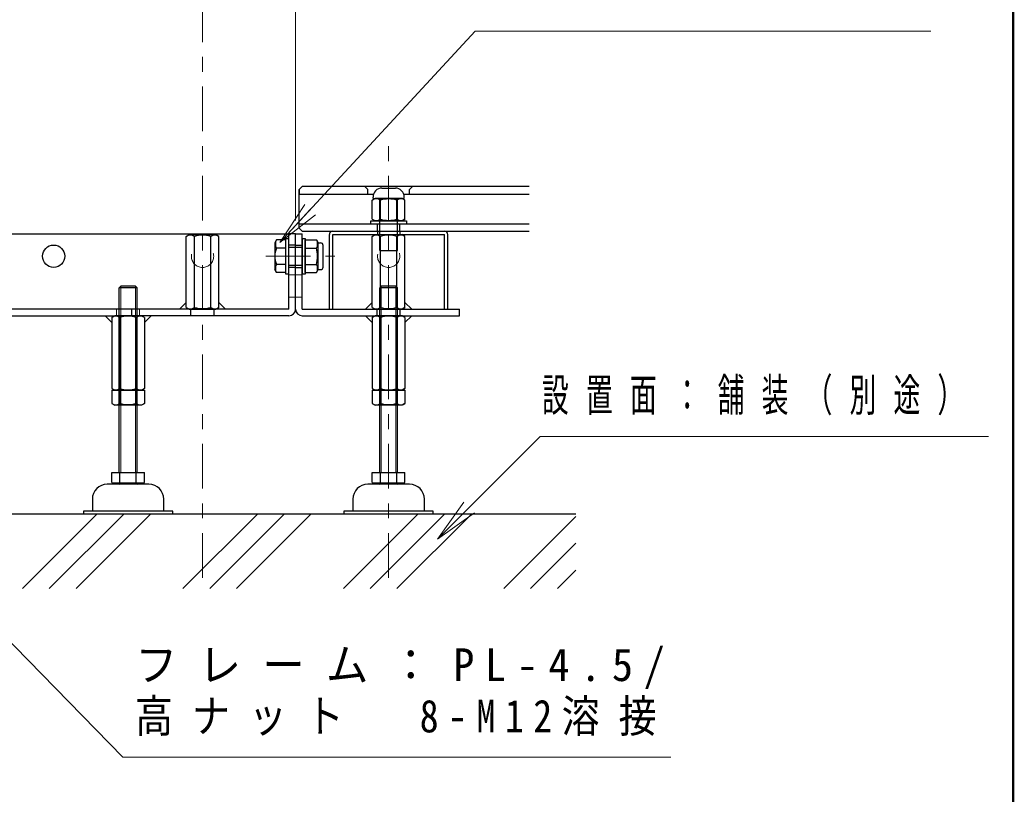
# Model space of a CAD drawing. Units: millimetres on the paper. Extents: x -385 to 0, y -594 to 267.
# Drawn here: x -66.7 to 0, y 106.4 to 158.5 of the extents above; entities that cross this region are included whole.
import ezdxf

# ---------------------------------------------------------------- set-up
doc = ezdxf.new("R2010")
doc.units = ezdxf.units.MM
doc.linetypes.add('USER1', pattern=[4.5, 2.5, -2])
doc.linetypes.add('USER2', pattern=[6, 3, -1, 1, -1])
doc.layers.add('1_10', color=7, linetype='Continuous', lineweight=25)
doc.layers.add('LY_3', color=7, linetype='Continuous', lineweight=13)
doc.styles.add('ＭＳ ゴシック', font='')
doc.styles.get('ＭＳ ゴシック').set_extended_font_data('MS Gothic')

msp = doc.modelspace()

# ---------------------------------------------------------------- linework, layer by layer
at = {"layer": '1_10', "lineweight": 13}
for p, q in [((-48.196, 144.984), (-48.196, 201.586)), ((-49.255, 143.5), (-47.586, 146.043)), ((-49.255, 143.5), (-47.219, 145.704)), ((-46.852, 145.364), (-49.255, 143.5)), ((-38.661, 123.568), (-36.893, 126.043)), ((-38.661, 123.568), (-36.539, 125.689)), ((-66.535, 120.254), (-61.535, 125.254)), ((-64.739, 120.254), (-59.739, 125.254)), ((-62.943, 120.254), (-57.943, 125.254)), ((-55.759, 120.254), (-50.759, 125.254)), ((-53.963, 120.254), (-48.963, 125.254)), ((-52.167, 120.254), (-47.167, 125.254)), ((-44.983, 120.254), (-39.983, 125.254)), ((-43.187, 120.254), (-38.187, 125.254)), ((-41.391, 120.254), (-36.391, 125.254)), ((-36.186, 125.336), (-38.661, 123.568)), ((-34.206, 120.254), (-29.377, 125.084)), ((-32.41, 120.254), (-29.377, 123.288)), ((-30.614, 120.254), (-29.377, 121.492))]:
    msp.add_line(p, q, dxfattribs=at)
at = {"layer": '1_10', "linetype": 'USER2', "lineweight": 13}
for p, q in [((-54.446, 120.967), (-54.446, 173.054)), ((-41.946, 120.967), (-41.946, 150.586)), ((-50.192, 142.574), (-45.571, 142.574))]:
    msp.add_line(p, q, dxfattribs=at)
at = {"layer": '1_10', "color": 40}
for p, q in [((-47.746, 147.254), (-47.946, 147.054)), ((-47.746, 147.254), (-47.946, 147.054)), ((-47.946, 144.454), (-47.946, 147.054)), ((-47.946, 147.054), (-47.946, 146.754)), ((-32.503, 147.254), (-47.746, 147.254)), ((-36.146, 147.254), (-47.746, 147.254)), ((-43.346, 147.054), (-43.546, 147.254)), ((-43.346, 146.754), (-43.346, 147.054)), ((-40.546, 147.054), (-40.346, 147.254)), ((-40.546, 146.754), (-40.546, 147.054)), ((-47.946, 146.754), (-42.962, 146.754)), ((-40.93, 146.754), (-32.503, 146.754)), ((-47.946, 144.754), (-32.503, 144.754)), ((-47.946, 144.454), (-47.746, 144.254)), ((-47.946, 144.454), (-47.746, 144.254)), ((-47.746, 144.254), (-32.503, 144.254)), ((-42.696, 144.254), (-42.696, 144.754)), ((-41.196, 144.254), (-41.196, 144.754))]:
    msp.add_line(p, q, dxfattribs=at)
at = {"layer": '1_10'}
for p, q in [((-42.396, 147.154), (-41.496, 147.154)), ((-43.043, 146.34), (-42.846, 146.454)), ((-43.043, 145.068), (-43.043, 146.34)), ((-42.996, 146.454), (-42.996, 146.554)), ((-42.996, 146.454), (-40.896, 146.454)), ((-41.046, 146.454), (-42.846, 146.454)), ((-42.546, 142.954), (-42.546, 146.454)), ((-42.494, 145.068), (-42.494, 146.34)), ((-41.398, 145.068), (-41.398, 146.34)), ((-41.346, 142.954), (-41.346, 146.454)), ((-40.849, 146.34), (-41.046, 146.454)), ((-40.896, 146.454), (-40.896, 146.554)), ((-40.849, 145.068), (-40.849, 146.34)), ((-43.146, 144.754), (-43.146, 144.954)), ((-43.146, 144.954), (-40.746, 144.954)), ((-43.043, 145.068), (-42.846, 144.954)), ((-41.046, 144.954), (-42.846, 144.954)), ((-40.849, 145.068), (-41.046, 144.954)), ((-40.746, 144.954), (-40.746, 144.754)), ((-45.696, 144.254), (-38.196, 144.254)), ((-43.146, 144.754), (-40.746, 144.754)), ((-42.696, 144.254), (-42.696, 144.024)), ((-41.196, 144.254), (-41.196, 144.024)), ((-55.543, 143.91), (-55.346, 144.024)), ((-55.543, 139.138), (-55.543, 143.91)), ((-55.346, 144.024), (-53.546, 144.024)), ((-54.994, 139.138), (-54.994, 143.91)), ((-53.898, 139.138), (-53.898, 143.91)), ((-53.349, 143.91), (-53.546, 144.024)), ((-53.349, 139.138), (-53.349, 143.91)), ((-49.482, 143.671), (-49.596, 143.474)), ((-49.596, 143.474), (-49.596, 141.674)), ((-48.846, 143.671), (-49.482, 143.671)), ((-48.846, 143.774), (-48.646, 143.774)), ((-48.846, 141.374), (-48.846, 143.774)), ((-48.646, 139.024), (-48.646, 144.074)), ((-48.196, 144.074), (-48.646, 144.074)), ((-48.646, 141.374), (-48.646, 143.774)), ((-48.196, 139.024), (-48.196, 144.074)), ((-48.196, 144.074), (-47.746, 144.074)), ((-48.196, 139.024), (-48.196, 144.074)), ((-47.746, 139.024), (-47.746, 144.074)), ((-47.746, 143.774), (-47.546, 143.774)), ((-47.746, 143.774), (-47.746, 141.374)), ((-47.546, 143.774), (-47.546, 141.374)), ((-47.546, 141.477), (-47.546, 143.671)), ((-47.546, 143.671), (-46.8, 143.671)), ((-46.8, 143.671), (-46.686, 143.474)), ((-46.686, 141.674), (-46.686, 143.474)), ((-46.686, 143.474), (-46.516, 143.474)), ((-45.926, 139.024), (-45.926, 144.024)), ((-45.696, 139.024), (-45.696, 144.024)), ((-45.696, 144.024), (-38.196, 144.024)), ((-43.043, 143.91), (-42.846, 144.024)), ((-43.043, 139.138), (-43.043, 143.91)), ((-42.846, 144.024), (-41.046, 144.024)), ((-42.494, 139.138), (-42.494, 143.91)), ((-41.398, 139.138), (-41.398, 143.91)), ((-40.849, 143.91), (-41.046, 144.024)), ((-40.849, 139.138), (-40.849, 143.91)), ((-38.196, 139.024), (-38.196, 144.024)), ((-37.966, 139.024), (-37.966, 144.024)), ((-48.846, 143.122), (-49.482, 143.122)), ((-48.196, 143.324), (-48.646, 143.324)), ((-48.646, 143.174), (-47.746, 143.174)), ((-48.196, 143.324), (-47.746, 143.324)), ((-47.546, 143.122), (-46.8, 143.122)), ((-46.346, 141.844), (-46.346, 143.304)), ((-46.346, 141.974), (-46.346, 143.174)), ((-42.546, 142.954), (-41.346, 142.954)), ((-49.482, 141.477), (-49.596, 141.674)), ((-48.846, 142.026), (-49.482, 142.026)), ((-48.846, 141.477), (-49.482, 141.477)), ((-48.646, 141.974), (-47.746, 141.974)), ((-48.196, 141.824), (-48.646, 141.824)), ((-48.196, 141.824), (-47.746, 141.824)), ((-47.546, 142.026), (-46.8, 142.026)), ((-47.546, 141.477), (-46.8, 141.477)), ((-46.8, 141.477), (-46.686, 141.674)), ((-46.686, 141.674), (-46.516, 141.674)), ((-48.646, 141.374), (-48.846, 141.374)), ((-47.546, 141.374), (-47.746, 141.374)), ((-55.543, 139.474), (-55.993, 139.024)), ((-53.349, 139.474), (-52.899, 139.024)), ((-43.043, 139.474), (-43.493, 139.024)), ((-40.849, 139.474), (-40.399, 139.024)), ((-59.196, 138.574), (-59.196, 139.024)), ((-48.646, 139.024), (-59.196, 139.024)), ((-55.543, 139.138), (-55.346, 139.024)), ((-55.346, 139.024), (-53.546, 139.024)), ((-55.221, 138.574), (-55.221, 139.024)), ((-53.671, 138.574), (-53.671, 139.024)), ((-53.349, 139.138), (-53.546, 139.024)), ((-47.746, 139.024), (-37.196, 139.024)), ((-45.926, 139.024), (-45.696, 139.024)), ((-43.043, 139.138), (-42.846, 139.024)), ((-42.846, 139.024), (-41.046, 139.024)), ((-42.721, 138.574), (-42.721, 139.024)), ((-41.171, 138.574), (-41.171, 139.024)), ((-40.849, 139.138), (-41.046, 139.024)), ((-38.196, 139.024), (-37.966, 139.024)), ((-37.196, 138.574), (-37.196, 139.024)), ((-60.543, 138.124), (-60.993, 138.574)), ((-60.543, 138.46), (-60.346, 138.574)), ((-60.543, 138.46), (-60.543, 133.688)), ((-58.546, 138.574), (-60.346, 138.574)), ((-59.994, 138.46), (-59.994, 133.688)), ((-48.646, 138.574), (-59.196, 138.574)), ((-58.898, 138.46), (-58.898, 133.688)), ((-58.349, 138.46), (-58.546, 138.574)), ((-58.349, 138.124), (-57.899, 138.574)), ((-58.349, 138.46), (-58.349, 133.688)), ((-47.746, 138.574), (-37.196, 138.574)), ((-43.043, 138.124), (-43.493, 138.574)), ((-43.043, 138.46), (-42.846, 138.574)), ((-43.043, 138.46), (-43.043, 133.688)), ((-41.046, 138.574), (-42.846, 138.574)), ((-42.494, 138.46), (-42.494, 133.688)), ((-41.398, 138.46), (-41.398, 133.688)), ((-40.849, 138.46), (-41.046, 138.574)), ((-40.849, 138.124), (-40.399, 138.574)), ((-40.849, 138.46), (-40.849, 133.688)), ((-60.543, 133.688), (-60.346, 133.574)), ((-60.543, 133.574), (-60.543, 132.688)), ((-60.543, 133.574), (-58.349, 133.574)), ((-58.546, 133.574), (-60.346, 133.574)), ((-59.994, 133.574), (-59.994, 132.688)), ((-58.898, 133.574), (-58.898, 132.688)), ((-58.349, 133.688), (-58.546, 133.574)), ((-58.349, 133.574), (-58.349, 132.688)), ((-43.043, 133.688), (-42.846, 133.574)), ((-43.043, 133.574), (-43.043, 132.688)), ((-43.043, 133.574), (-40.849, 133.574)), ((-41.046, 133.574), (-42.846, 133.574)), ((-42.494, 133.574), (-42.494, 132.688)), ((-41.398, 133.574), (-41.398, 132.688)), ((-40.849, 133.688), (-41.046, 133.574)), ((-40.849, 133.574), (-40.849, 132.688)), ((-60.543, 132.688), (-60.346, 132.574)), ((-58.546, 132.574), (-60.346, 132.574)), ((-58.349, 132.688), (-58.546, 132.574)), ((-43.043, 132.688), (-42.846, 132.574)), ((-41.046, 132.574), (-42.846, 132.574)), ((-40.849, 132.688), (-41.046, 132.574)), ((-29.377, 125.254), (-167.696, 125.254))]:
    msp.add_line(p, q, dxfattribs=at)
at = {"layer": '1_10', "color": 60}
for p, q in [((-147.746, 144.074), (-48.646, 144.074)), ((-59.196, 139.024), (-137.196, 139.024)), ((-137.196, 138.574), (-59.196, 138.574))]:
    msp.add_line(p, q, dxfattribs=at)
at = {"layer": '1_10', "linetype": 'USER1', "lineweight": 13}
for p, q in [((-48.196, 141.324), (-48.646, 141.324)), ((-48.196, 141.324), (-47.746, 141.324)), ((-48.196, 139.824), (-48.646, 139.824)), ((-48.196, 139.824), (-47.746, 139.824)), ((-60.221, 139.024), (-60.221, 138.574)), ((-58.671, 139.024), (-58.671, 138.574)), ((-55.221, 138.574), (-55.221, 139.024)), ((-53.671, 138.574), (-53.671, 139.024)), ((-42.721, 139.024), (-42.721, 138.574)), ((-42.721, 138.574), (-42.721, 139.024)), ((-41.171, 139.024), (-41.171, 138.574)), ((-41.171, 138.574), (-41.171, 139.024))]:
    msp.add_line(p, q, dxfattribs=at)
at = {"layer": '1_10', "color": 4}
for p, q in [((-59.939, 140.554), (-60.046, 140.447)), ((-58.846, 140.447), (-60.046, 140.447)), ((-60.046, 128.054), (-60.046, 140.447)), ((-58.953, 140.554), (-59.939, 140.554)), ((-58.846, 140.447), (-58.953, 140.554)), ((-58.846, 128.054), (-58.846, 140.447)), ((-42.439, 140.554), (-42.546, 140.447)), ((-41.346, 140.447), (-42.546, 140.447)), ((-42.546, 128.054), (-42.546, 140.447)), ((-41.453, 140.554), (-42.439, 140.554)), ((-41.346, 140.447), (-41.453, 140.554)), ((-41.346, 128.054), (-41.346, 140.447)), ((-60.543, 128.054), (-58.349, 128.054)), ((-60.543, 127.378), (-60.543, 128.054)), ((-60.046, 128.054), (-59.939, 128.054)), ((-59.994, 127.378), (-59.994, 128.054)), ((-58.846, 128.054), (-58.953, 128.054)), ((-58.898, 127.378), (-58.898, 128.054)), ((-58.349, 127.378), (-58.349, 128.054)), ((-43.043, 128.054), (-40.849, 128.054)), ((-43.043, 127.378), (-43.043, 128.054)), ((-42.546, 128.054), (-42.439, 128.054)), ((-42.494, 127.378), (-42.494, 128.054)), ((-41.346, 128.054), (-41.453, 128.054)), ((-41.398, 127.378), (-41.398, 128.054)), ((-40.849, 127.378), (-40.849, 128.054)), ((-58.046, 127.254), (-60.846, 127.254)), ((-60.543, 127.378), (-60.046, 127.254)), ((-58.846, 127.254), (-58.349, 127.378)), ((-40.546, 127.254), (-43.346, 127.254)), ((-43.043, 127.378), (-42.546, 127.254)), ((-41.346, 127.254), (-40.849, 127.378)), ((-61.846, 126.254), (-61.846, 125.454)), ((-57.046, 125.454), (-57.046, 126.254)), ((-44.346, 126.254), (-44.346, 125.454)), ((-39.546, 125.454), (-39.546, 126.254)), ((-56.446, 125.454), (-62.446, 125.454)), ((-62.446, 125.454), (-62.446, 125.254)), ((-56.446, 125.254), (-56.446, 125.454)), ((-38.946, 125.454), (-44.946, 125.454)), ((-44.946, 125.454), (-44.946, 125.254)), ((-38.946, 125.254), (-38.946, 125.454)), ((-56.446, 125.254), (-62.446, 125.254)), ((-38.946, 125.254), (-44.946, 125.254))]:
    msp.add_line(p, q, dxfattribs=at)
at = {"layer": '1_10', "color": 4, "lineweight": 13}
for p, q in [((-59.939, 128.054), (-59.939, 140.554)), ((-58.953, 128.054), (-58.953, 140.554)), ((-42.439, 128.054), (-42.439, 140.554)), ((-41.453, 128.054), (-41.453, 140.554))]:
    msp.add_line(p, q, dxfattribs=at)
at = {"layer": '1_10', "lineweight": 13}
for points in [[(-49.255, 143.5), (-36.142, 157.689), (-5.528, 157.689)], [(-88.842, 138.661), (-59.799, 108.915), (-22.981, 108.915)], [(-38.661, 123.568), (-31.764, 130.465), (-1.647, 130.465)]]:
    msp.add_lwpolyline(points, dxfattribs=at)
at = {"layer": '1_10', "color": 4}
for points in [[(-60.543, 127.378), (-60.453, 127.358), (-60.362, 127.346), (-60.271, 127.341), (-60.179, 127.345), (-60.086, 127.358), (-59.994, 127.378)], [(-59.994, 127.378), (-59.758, 127.354), (-59.52, 127.342), (-59.279, 127.345), (-59.038, 127.362), (-58.898, 127.378)], [(-58.898, 127.378), (-58.807, 127.358), (-58.716, 127.346), (-58.626, 127.341), (-58.533, 127.345), (-58.441, 127.358), (-58.349, 127.378)], [(-43.043, 127.378), (-42.953, 127.358), (-42.862, 127.346), (-42.771, 127.341), (-42.679, 127.345), (-42.586, 127.358), (-42.494, 127.378)], [(-42.494, 127.378), (-42.258, 127.354), (-42.02, 127.342), (-41.779, 127.345), (-41.538, 127.362), (-41.398, 127.378)], [(-41.398, 127.378), (-41.307, 127.358), (-41.216, 127.346), (-41.126, 127.341), (-41.033, 127.345), (-40.941, 127.358), (-40.849, 127.378)]]:
    msp.add_lwpolyline(points, dxfattribs=at)
at = {"layer": '1_10', "color": 60}
msp.add_circle((-64.446, 142.574), 0.75, dxfattribs=at)
at = {"layer": '1_10', "color": 60, "linetype": 'USER1', "lineweight": 13}
msp.add_circle((-54.446, 142.574), 0.75, dxfattribs=at)
at = {"layer": '1_10', "linetype": 'USER1', "lineweight": 13}
msp.add_circle((-41.946, 142.574), 0.75, dxfattribs=at)
at = {"layer": '1_10'}
for centre, radius, start, end in [((-42.396, 146.554), 0.6, 90, 180), ((-41.496, 146.554), 0.6, 0, 90), ((-42.769, 145.94), 0.486, 55.61586, 124.38414), ((-41.946, 144.61), 1.815, 72.41211, 107.58789), ((-41.123, 145.94), 0.486, 55.61586, 124.38414), ((-42.769, 145.468), 0.486, 235.61587, 304.38414), ((-41.946, 146.798), 1.815, 252.41211, 287.58789), ((-41.123, 145.468), 0.486, 235.61587, 304.38414), ((-45.696, 144.024), 0.23, 90, 180), ((-38.196, 144.024), 0.23, 0, 90), ((-55.269, 143.51), 0.486, 55.61586, 124.38414), ((-54.446, 142.18), 1.815, 72.41211, 107.58789), ((-53.623, 143.51), 0.486, 55.61586, 124.38414), ((-49.007, 143.397), 0.548, 150.00001, 209.99999), ((-47.2, 143.397), 0.486, 325.61586, 34.38414), ((-46.516, 143.304), 0.17, 0, 90), ((-42.769, 143.51), 0.486, 55.61586, 124.38414), ((-41.946, 142.18), 1.815, 72.41211, 107.58789), ((-41.123, 143.51), 0.486, 55.61586, 124.38414), ((-48.216, 142.574), 1.38, 156.57346, 203.42654), ((-48.53, 142.574), 1.815, 342.41211, 17.58789), ((-49.007, 141.751), 0.548, 150.00001, 209.99999), ((-47.2, 141.751), 0.486, 325.61586, 34.38414), ((-46.516, 141.844), 0.17, 270, 0), ((-55.269, 139.538), 0.486, 235.61587, 304.38414), ((-54.446, 140.868), 1.815, 252.41211, 287.58789), ((-53.623, 139.538), 0.486, 235.61587, 304.38414), ((-48.646, 139.024), 0.45, 270, 0), ((-47.746, 139.024), 0.45, 180, 270), ((-42.769, 139.538), 0.486, 235.61587, 304.38414), ((-41.946, 140.868), 1.815, 252.41211, 287.58789), ((-41.123, 139.538), 0.486, 235.61587, 304.38414), ((-60.269, 138.06), 0.486, 55.61586, 124.38414), ((-59.446, 136.73), 1.815, 72.41211, 107.58789), ((-58.623, 138.06), 0.486, 55.61586, 124.38414), ((-42.769, 138.06), 0.486, 55.61586, 124.38414), ((-41.946, 136.73), 1.815, 72.41211, 107.58789), ((-41.123, 138.06), 0.486, 55.61586, 124.38414), ((-60.269, 134.088), 0.486, 235.61587, 304.38414), ((-59.446, 135.418), 1.815, 252.41211, 287.58789), ((-58.623, 134.088), 0.486, 235.61587, 304.38414), ((-42.769, 134.088), 0.486, 235.61587, 304.38414), ((-41.946, 135.418), 1.815, 252.41211, 287.58789), ((-41.123, 134.088), 0.486, 235.61587, 304.38414), ((-60.269, 133.088), 0.486, 235.61587, 304.38414), ((-59.446, 134.418), 1.815, 252.41211, 287.58789), ((-58.623, 133.088), 0.486, 235.61587, 304.38414), ((-42.769, 133.088), 0.486, 235.61587, 304.38414), ((-41.946, 134.418), 1.815, 252.41211, 287.58789), ((-41.123, 133.088), 0.486, 235.61587, 304.38414)]:
    msp.add_arc(centre, radius, start, end, dxfattribs=at)
at = {"layer": '1_10', "color": 4}
for centre, start, end in [((-60.846, 126.254), 90, 180), ((-58.046, 126.254), 0, 90), ((-43.346, 126.254), 90, 180), ((-40.546, 126.254), 0, 90)]:
    msp.add_arc(centre, 1, start, end, dxfattribs=at)
at = {"layer": 'LY_3', "lineweight": 50}
msp.add_line((0, 0), (0, 267), dxfattribs=at)

# ---------------------------------------------------------------- texts
at = {"layer": '1_10', "char_height": 2.199, "attachment_point": 4, "style": 'ＭＳ ゴシック'}
for s, insert in [('\\T1.64;\\W0.6;設置面：舗装（別途）', (-31.647, 133.115)), ('\\T1.5;\\W0.95;フレーム：PL-4.5/', (-58.981, 114.865)), ('\\T1.5;\\W0.85;高ナット\u30008-M12溶接', (-58.981, 111.565))]:
    msp.add_mtext(s, dxfattribs=dict(at, insert=insert))

doc.saveas('drawing.dxf')

__________

• _Goal of the exercise_
Would you return all lines from the preceding listing that contain the word "ゴシック"?

• _Written solution_
doc.styles.add('ＭＳ ゴシック', font='')
doc.styles.get('ＭＳ ゴシック').set_extended_font_data('MS Gothic')
at = {"layer": '1_10', "char_height": 2.199, "attachment_point": 4, "style": 'ＭＳ ゴシック'}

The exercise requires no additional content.